FAMILLE - Alors qu’ont lieu les obsèques de la reine Élizabeth II, parmi de nombreuses anecdotes au sujet de son rôle d’épouse, de mère et de grand-mère, on note qu’Andrew est souvent présenté comme son fils préféré, tout comme on lui a régulièrement prêté une préférence pour Harry, l’un de ses petits-enfants.

« Est-ce que tu m’aimes ?  » clame le petit dernier de la fratrie ; « Non c’est moi que les parents préfèrent », se défend l’aîné.e  hargneusement.

Les enfants savent qu’ils sont aimés (souvent). Mais la vraie question est de savoir qui est le (la) préféré.e des parents. Et la compétition est souvent rude au sein des fratries pour connaître la « vraie » réponse.

Pourtant… Pas besoin de s’imposer. Au sein des familles, les interactions avec chaque enfant sont différentes et certaines sont perçues comme privilégiées par la fratrie.

La famille royale ne fait donc pas exception au phénomène d’enfant préféré, sujet familial encore tabou.

Fantasme ou réalité ?

Faut-il en parler ou le taire ?

Est-ce grave ou normal ?

Existe-t-il un enfant préféré dans chaque famille ?

L’enfant préféré existe dans presque toutes les familles mais reste un tabou familial.

D’abord parce que le phénomène n’est pas toujours conscientisé par les parents. Oser affirmer qu’on a un enfant « chouchou » relève de l’impossible pour soi-même et vis-à-vis des autres (enfants, famille, amis).

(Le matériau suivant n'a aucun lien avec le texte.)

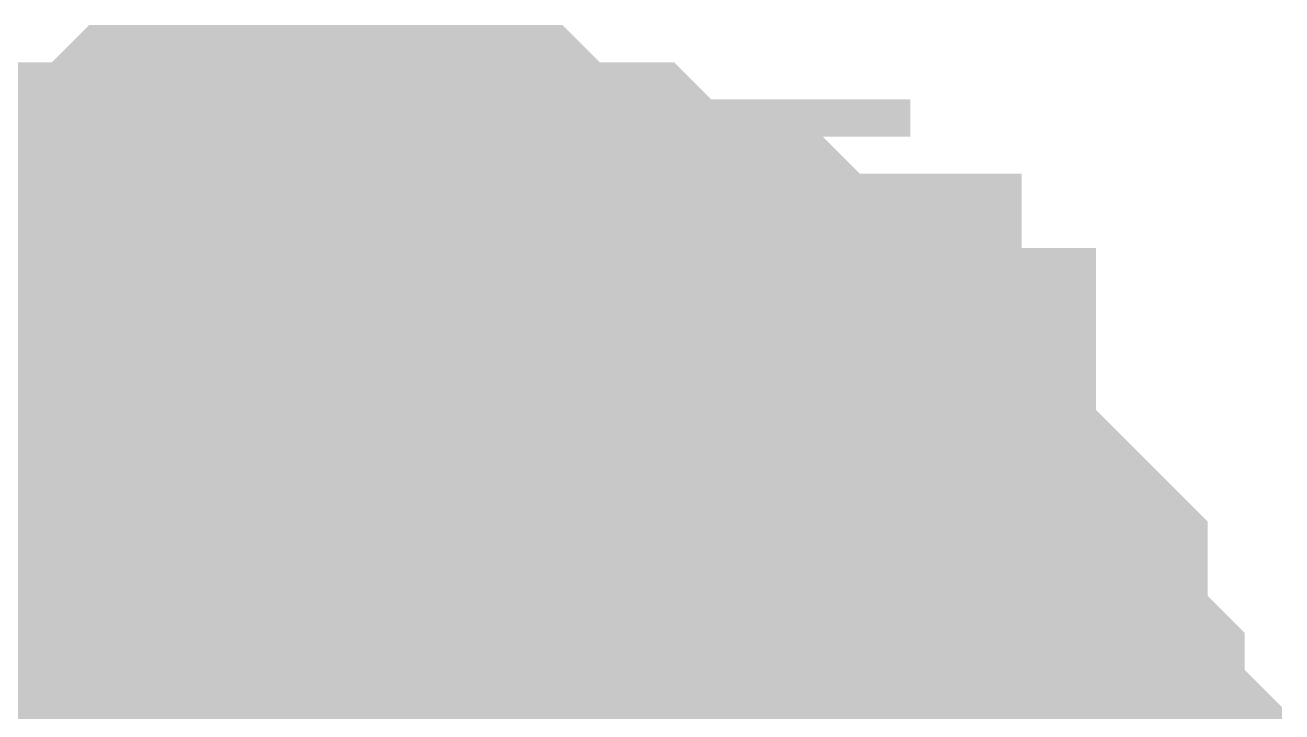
# Model space of a CAD drawing. Header units: inches. Extents: x 0 to 841, y 0 to 594.
# Drawn here: x 434.791 to 435.675, y 237.664 to 238.147 of the extents above; entities that cross this region are included whole.
import ezdxf

# ---------------------------------------------------------------- set-up
doc = ezdxf.new("R2010")
doc.units = ezdxf.units.IN
doc.layers.add('Sheet', color=255, linetype='Continuous')

msp = doc.modelspace()

# ---------------------------------------------------------------- linework, layer by layer
at = {"layer": 'Sheet'}
for points in [[(434.63687, 237.8404, 0.29972, 0.29972, 0), (434.663, 237.8404, 0.29972, 0.29972, 0), (434.663, 237.86653, 0.29972, 0.29972, 0), (434.68913, 237.89266, 0.29972, 0.29972, 0), (434.71526, 237.89266, 0.29972, 0.29972, 0), (434.74139, 237.91879, 0.29972, 0.29972, 0), (434.74139, 237.91879, 0.29972, 0.29972, 0), (434.76752, 237.94492, 0.29972, 0.29972, 0), (434.79365, 237.94492, 0.29972, 0.29972, 0), (434.81979, 237.94492, 0.29972, 0.29972, 0), (434.84592, 237.97105, 0.29972, 0.29972, 0), (434.87205, 237.97105, 0.29972, 0.29972, 0), (434.87205, 237.97105, 0.29972, 0.29972, 0), (434.89818, 237.99718, 0.29972, 0.29972, 0), (434.92431, 237.99718, 0.29972, 0.29972, 0), (434.95044, 237.99718, 0.29972, 0.29972, 0), (434.97657, 237.99718, 0.29972, 0.29972, 0), (435.0027, 237.99718, 0.29972, 0.29972, 0)], [(434.63687, 237.8404, 0.29972, 0.29972, 0), (434.663, 237.8404, 0.29972, 0.29972, 0), (434.663, 237.86653, 0.29972, 0.29972, 0), (434.68913, 237.89266, 0.29972, 0.29972, 0), (434.71526, 237.89266, 0.29972, 0.29972, 0), (434.74139, 237.91879, 0.29972, 0.29972, 0), (434.74139, 237.91879, 0.29972, 0.29972, 0), (434.76752, 237.94492, 0.29972, 0.29972, 0), (434.79365, 237.94492, 0.29972, 0.29972, 0), (434.81979, 237.94492, 0.29972, 0.29972, 0), (434.84592, 237.97105, 0.29972, 0.29972, 0), (434.87205, 237.97105, 0.29972, 0.29972, 0), (434.87205, 237.97105, 0.29972, 0.29972, 0), (434.89818, 237.99718, 0.29972, 0.29972, 0), (434.92431, 237.99718, 0.29972, 0.29972, 0), (434.95044, 237.99718, 0.29972, 0.29972, 0), (434.97657, 237.99718, 0.29972, 0.29972, 0), (435.0027, 237.99718, 0.29972, 0.29972, 0)], [(434.63687, 237.8404, 0.29972, 0.29972, 0), (434.663, 237.8404, 0.29972, 0.29972, 0), (434.663, 237.86653, 0.29972, 0.29972, 0), (434.68913, 237.89266, 0.29972, 0.29972, 0), (434.71526, 237.89266, 0.29972, 0.29972, 0), (434.74139, 237.91879, 0.29972, 0.29972, 0), (434.74139, 237.91879, 0.29972, 0.29972, 0), (434.76752, 237.94492, 0.29972, 0.29972, 0), (434.79365, 237.94492, 0.29972, 0.29972, 0), (434.81979, 237.94492, 0.29972, 0.29972, 0), (434.84592, 237.97105, 0.29972, 0.29972, 0), (434.87205, 237.97105, 0.29972, 0.29972, 0), (434.87205, 237.97105, 0.29972, 0.29972, 0), (434.89818, 237.99718, 0.29972, 0.29972, 0), (434.92431, 237.99718, 0.29972, 0.29972, 0), (434.95044, 237.99718, 0.29972, 0.29972, 0), (434.97657, 237.99718, 0.29972, 0.29972, 0), (435.0027, 237.99718, 0.29972, 0.29972, 0)], [(434.63687, 237.8404, 0.29972, 0.29972, 0), (434.663, 237.8404, 0.29972, 0.29972, 0), (434.663, 237.86653, 0.29972, 0.29972, 0), (434.68913, 237.89266, 0.29972, 0.29972, 0), (434.71526, 237.89266, 0.29972, 0.29972, 0), (434.74139, 237.91879, 0.29972, 0.29972, 0), (434.74139, 237.91879, 0.29972, 0.29972, 0), (434.76752, 237.94492, 0.29972, 0.29972, 0), (434.79365, 237.94492, 0.29972, 0.29972, 0), (434.81979, 237.94492, 0.29972, 0.29972, 0), (434.84592, 237.97105, 0.29972, 0.29972, 0), (434.87205, 237.97105, 0.29972, 0.29972, 0), (434.87205, 237.97105, 0.29972, 0.29972, 0), (434.89818, 237.99718, 0.29972, 0.29972, 0), (434.92431, 237.99718, 0.29972, 0.29972, 0), (434.95044, 237.99718, 0.29972, 0.29972, 0), (434.97657, 237.99718, 0.29972, 0.29972, 0), (435.0027, 237.99718, 0.29972, 0.29972, 0)], [(434.63687, 237.8404, 0.29972, 0.29972, 0), (434.663, 237.8404, 0.29972, 0.29972, 0), (434.663, 237.86653, 0.29972, 0.29972, 0), (434.68913, 237.89266, 0.29972, 0.29972, 0), (434.71526, 237.89266, 0.29972, 0.29972, 0), (434.74139, 237.91879, 0.29972, 0.29972, 0), (434.74139, 237.91879, 0.29972, 0.29972, 0), (434.76752, 237.94492, 0.29972, 0.29972, 0), (434.79365, 237.94492, 0.29972, 0.29972, 0), (434.81979, 237.94492, 0.29972, 0.29972, 0), (434.84592, 237.97105, 0.29972, 0.29972, 0), (434.87205, 237.97105, 0.29972, 0.29972, 0), (434.87205, 237.97105, 0.29972, 0.29972, 0), (434.89818, 237.99718, 0.29972, 0.29972, 0), (434.92431, 237.99718, 0.29972, 0.29972, 0), (434.95044, 237.99718, 0.29972, 0.29972, 0), (434.97657, 237.99718, 0.29972, 0.29972, 0), (435.0027, 237.99718, 0.29972, 0.29972, 0)], [(435.0027, 237.99718, 0.29972, 0.29972, 0), (435.0027, 237.99718, 0.29972, 0.29972, 0)], [(435.0027, 237.99718, 0.29972, 0.29972, 0), (435.02883, 237.99718, 0.29972, 0.29972, 0), (435.05496, 237.99718, 0.29972, 0.29972, 0), (435.0811, 237.99718, 0.29972, 0.29972, 0), (435.10723, 237.99718, 0.29972, 0.29972, 0), (435.13336, 237.97105, 0.29972, 0.29972, 0), (435.15949, 237.97105, 0.29972, 0.29972, 0), (435.18562, 237.97105, 0.29972, 0.29972, 0), (435.21175, 237.94492, 0.29972, 0.29972, 0), (435.23788, 237.94492, 0.29972, 0.29972, 0), (435.26401, 237.94492, 0.29972, 0.29972, 0), (435.26401, 237.91879, 0.29972, 0.29972, 0), (435.29014, 237.91879, 0.29972, 0.29972, 0), (435.31627, 237.89266, 0.29972, 0.29972, 0), (435.34241, 237.89266, 0.29972, 0.29972, 0), (435.34241, 237.86653, 0.29972, 0.29972, 0), (435.36854, 237.8404, 0.29972, 0.29972, 0), (435.39467, 237.8404, 0.29972, 0.29972, 0), (435.39467, 237.81427, 0.29972, 0.29972, 0), (435.4208, 237.78814, 0.29972, 0.29972, 0), (435.44693, 237.76201, 0.29972, 0.29972, 0), (435.44693, 237.76201, 0.29972, 0.29972, 0), (435.47306, 237.73588, 0.29972, 0.29972, 0), (435.47306, 237.70975, 0.29972, 0.29972, 0), (435.47306, 237.68362, 0.29972, 0.29972, 0), (435.49919, 237.65749, 0.29972, 0.29972, 0), (435.49919, 237.63136, 0.29972, 0.29972, 0), (435.49919, 237.63136, 0.29972, 0.29972, 0), (435.52532, 237.60523, 0.29972, 0.29972, 0), (435.52532, 237.5791, 0.29972, 0.29972, 0), (435.52532, 237.55297, 0.29972, 0.29972, 0), (435.52532, 237.52683, 0.29972, 0.29972, 0), (435.52532, 237.5007, 0.29972, 0.29972, 0)], [(435.0027, 237.99718, 0.29972, 0.29972, 0), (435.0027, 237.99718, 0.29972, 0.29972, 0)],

Même si les parents se veulent égalitaires (jusqu’à compter le nombre de céréales dans le bol du petit-déjeuner), même si la règle de l’héritage à l’aîné n’est plus de mise, cela n’empêche nullement que les préférences parentales restent légions.

Comment ?

Rien de très visible, cela passe par de petits gestes ou paroles au quotidien que les enfants perçoivent quand même provoquant jalousie et compétition au sein de la fratrie :

  • Un prénom qui évoque un lien particulier avec un parent ;

  • Le temps passé avec cet enfant (temps de loisir) ;

  • Un surnom bienveillant ;

  • Des conversations plus longues, plus nombreuses ;

  • Des avantages non liés à l’âge, des cadeaux, des attentions plus nombreuses ;

  • Une place à table ou en voiture, une place systématique à côté du parent ;

  • Des marques d’affection plus appuyées ;

  • Des sanctions moins fréquentes ;

  • Enfant nécessitant des soins/attentions particuliers ou rejeté par l’autre parent.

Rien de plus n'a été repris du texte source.